El rumor se esparce y las señales visibles parecen mostrar un esfuerzo serio. Las operaciones para hacerlo viable se hacen evidentes: el Gobierno y la oposición, unidos en la gloria y en la muerte, están preparando un acuerdo político para cerrar la crisis actual. ‘Dicen’ que faltan diez días, aunque, como dijo el general, ‘hay una meta, pero no plazos’, porque con la catástrofe del norte se juega un partido distinto. Tampoco es que está fácil, entre los nuevos antecedentes y la fragmentación de la elite, las condiciones no son, lo que se dice, propicias. Pero la búsqueda del pacto avanza, aunque Novoa casi lo arruine hablando de él por la prensa. Se transita así del “sabemos que no podemos reeditar el 2006” (la foto, usted sabe, esa foto) al “tenemos que volver a los acuerdos”. Esto es lo que se suele conocer como la solución institucional. Dice la leyenda, salida de La Moneda, que fue la derecha la que se acercó a Palacio, preocupada por la potencial crisis del presidencialismo. Dice la leyenda que la derecha está dispuesta a un gran acto sacrificial de cuerpos y nombres, un momento ritual para permitir la necesidad de devorar los males que exige la sociedad. Una especie de exorcismo de sus propios demonios. Dice la leyenda que el Gobierno tendría que entregar algunos cuerpos también, que no se debe ver impunidad y que el empate es el padre de familia de los acuerdos.
Dice la leyenda que en una reunión del Gobierno con los canales se acordó que la televisión debe alejarse de los tribunales y no dar alimento a los fiscales (y el norte les ha permitido hacerlo sin notoria imprudencia). Y que los periódicos, bueno, los periódicos deben hacer lo que hacen siempre en la historia de Chile (servir al orden, como si fueran fuerzas policiacas). Eso dice la leyenda. Pero no me interesa la leyenda, sino las preguntas que la procuran. Y la premisa fundamental es que todavía es viable una salida por la vía de las instituciones. Pues bien, esta columna examina dicha posibilidad.
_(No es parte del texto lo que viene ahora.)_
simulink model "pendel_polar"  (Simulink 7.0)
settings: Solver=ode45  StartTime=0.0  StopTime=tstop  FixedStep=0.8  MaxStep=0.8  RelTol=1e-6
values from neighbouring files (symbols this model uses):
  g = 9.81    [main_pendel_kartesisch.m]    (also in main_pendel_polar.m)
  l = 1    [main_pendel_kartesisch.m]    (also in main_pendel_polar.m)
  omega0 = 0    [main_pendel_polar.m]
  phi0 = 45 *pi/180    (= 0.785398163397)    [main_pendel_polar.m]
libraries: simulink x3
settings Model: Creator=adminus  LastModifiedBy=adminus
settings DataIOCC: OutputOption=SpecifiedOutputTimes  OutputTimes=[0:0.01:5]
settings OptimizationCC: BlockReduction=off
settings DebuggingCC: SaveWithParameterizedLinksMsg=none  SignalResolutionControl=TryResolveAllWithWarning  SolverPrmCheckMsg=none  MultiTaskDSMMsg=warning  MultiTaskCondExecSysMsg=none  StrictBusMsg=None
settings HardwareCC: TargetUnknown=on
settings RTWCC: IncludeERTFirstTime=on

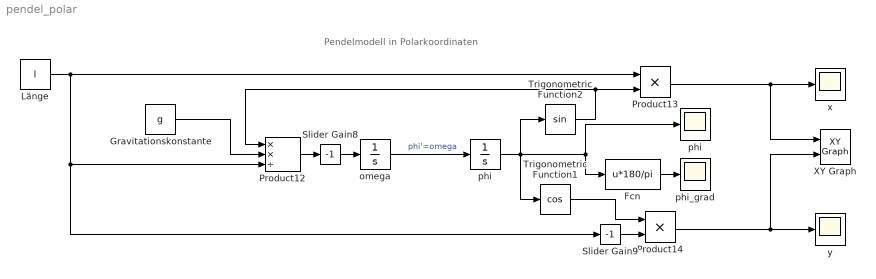
== system pendel_polar ==
  note: Pendelmodell in Polarkoordinaten
  Fcn : Fcn  Expr=u*180/pi
  Gravitationskonstante : Constant  Value=g
  Länge : Constant  Value=l
  Product12 : Product  Inputs=**/  SaturateOnIntegerOverflow=on  RndMeth=Zero  InputSameDT=on
  Product13 : Product  SaturateOnIntegerOverflow=on  RndMeth=Zero  InputSameDT=on
  Product14 : Product  SaturateOnIntegerOverflow=on  RndMeth=Zero  InputSameDT=on
  Slider Gain8 : simulink/Math Operations/Slider Gain  SystemSampleTime=-1  low=-1  gain=-1  high=2
  Slider Gain9 : simulink/Math Operations/Slider Gain  SystemSampleTime=-1  low=-1  gain=-1  high=2
  Trigonometric Function1 : Trigonometry  Operator=cos
  Trigonometric Function2 : Trigonometry
  XY Graph : simulink/Sinks/XY Graph  SystemSampleTime=-1  xmin=-1.1*l  xmax=1.1*l  ymin=-1.1*l  ymax=1.1*l  st=-1
  omega : Integrator  InitialCondition=omega0
  phi : Scope
  "phi " : Integrator  InitialCondition=phi0
  phi_grad : Scope
  x : Scope
      settings: SaveName=ScopeData2
  y : Scope
      settings: SaveName=ScopeData3
  wires:
  Gravitationskonstante/1 -> Product12/2
  Länge/1 -> Product13/1, Product12/3, Slider Gain9/1
  omega/1 -> "phi "/1  "phi'=omega"
  "phi "/1 -> Trigonometric Function2/1, Trigonometric Function1/1, phi/1, Fcn/1
  Product12/1 -> Slider Gain8/1
  Trigonometric Function1/1 -> Product14/1
  Trigonometric Function2/1 -> Product13/2, Product12/1
  Slider Gain8/1 -> omega/1
  Product13/1 -> x/1, XY Graph/1
  Product14/1 -> XY Graph/2, y/1
  Slider Gain9/1 -> Product14/2
  Fcn/1 -> phi_grad/1

¿Es posible una salida institucional? ¿Es posible evitar que se tenga que patear el tablero del proceso transicional? ¿Es viable no tener que transitar por las rutas de la Asamblea Constituyente? El examen es relevante. La mayor parte de los lectores, gente informada, sabrá que he declarado con cierta intensidad mi preferencia por el opiáceo ejercicio de dicha asamblea. Pero no me interesa que mis columnas examinen mis deseos (ya hay demasiadas del estilo). De hecho, se podría decir que me interesa comprender lo contrario: evaluar la viabilidad de la salida negociada, visualizar la opción de no patear el tablero, de evitar la visión ‘refundacional’ y de suprimir las hipótesis de un retorno de la soberanía al pueblo. Si se quiere decir de otro modo, la pregunta planteada se traduce en: ¿existen recursos utilizables por lo que El Mostrador llama “el partido del orden” para evitar la asamblea constituyente? ¿Qué recursos se podrían movilizar para la ‘salida institucional’ de la crisis? Hoy ya sabemos (el mismo medio lo publicó ayer) que Lagos es la apuesta del grupo conservador. Pero ni siquiera vale la pena preguntarse si eso es suficiente: definitivamente no.
El ejercicio de evaluar la salida ‘institucional’ (en rigor, la negociación de los pactos principales de la transición) se debe fundamentar en la pregunta por la probabilidad de que ese pacto sea capaz de tres cosas: restituir un vínculo positivo (cualquiera sea él, ni siquiera digo que haya confianza) entre la elite política y la ciudadanía, romper la creencia de la impunidad de las elites y procesar el malestar existente permitiendo, al menos, su elaboración. Es decir, dado que la transición termina bajo la sensación de abuso, es imprescindible (para la salida institucional) que la ciudadanía piense de pronto que ese juicio es exagerado o que asuma que hay en curso un proceso de reparación de ello. El tiempo para lo primero ya expiró. Solo queda la alternativa de la reparación.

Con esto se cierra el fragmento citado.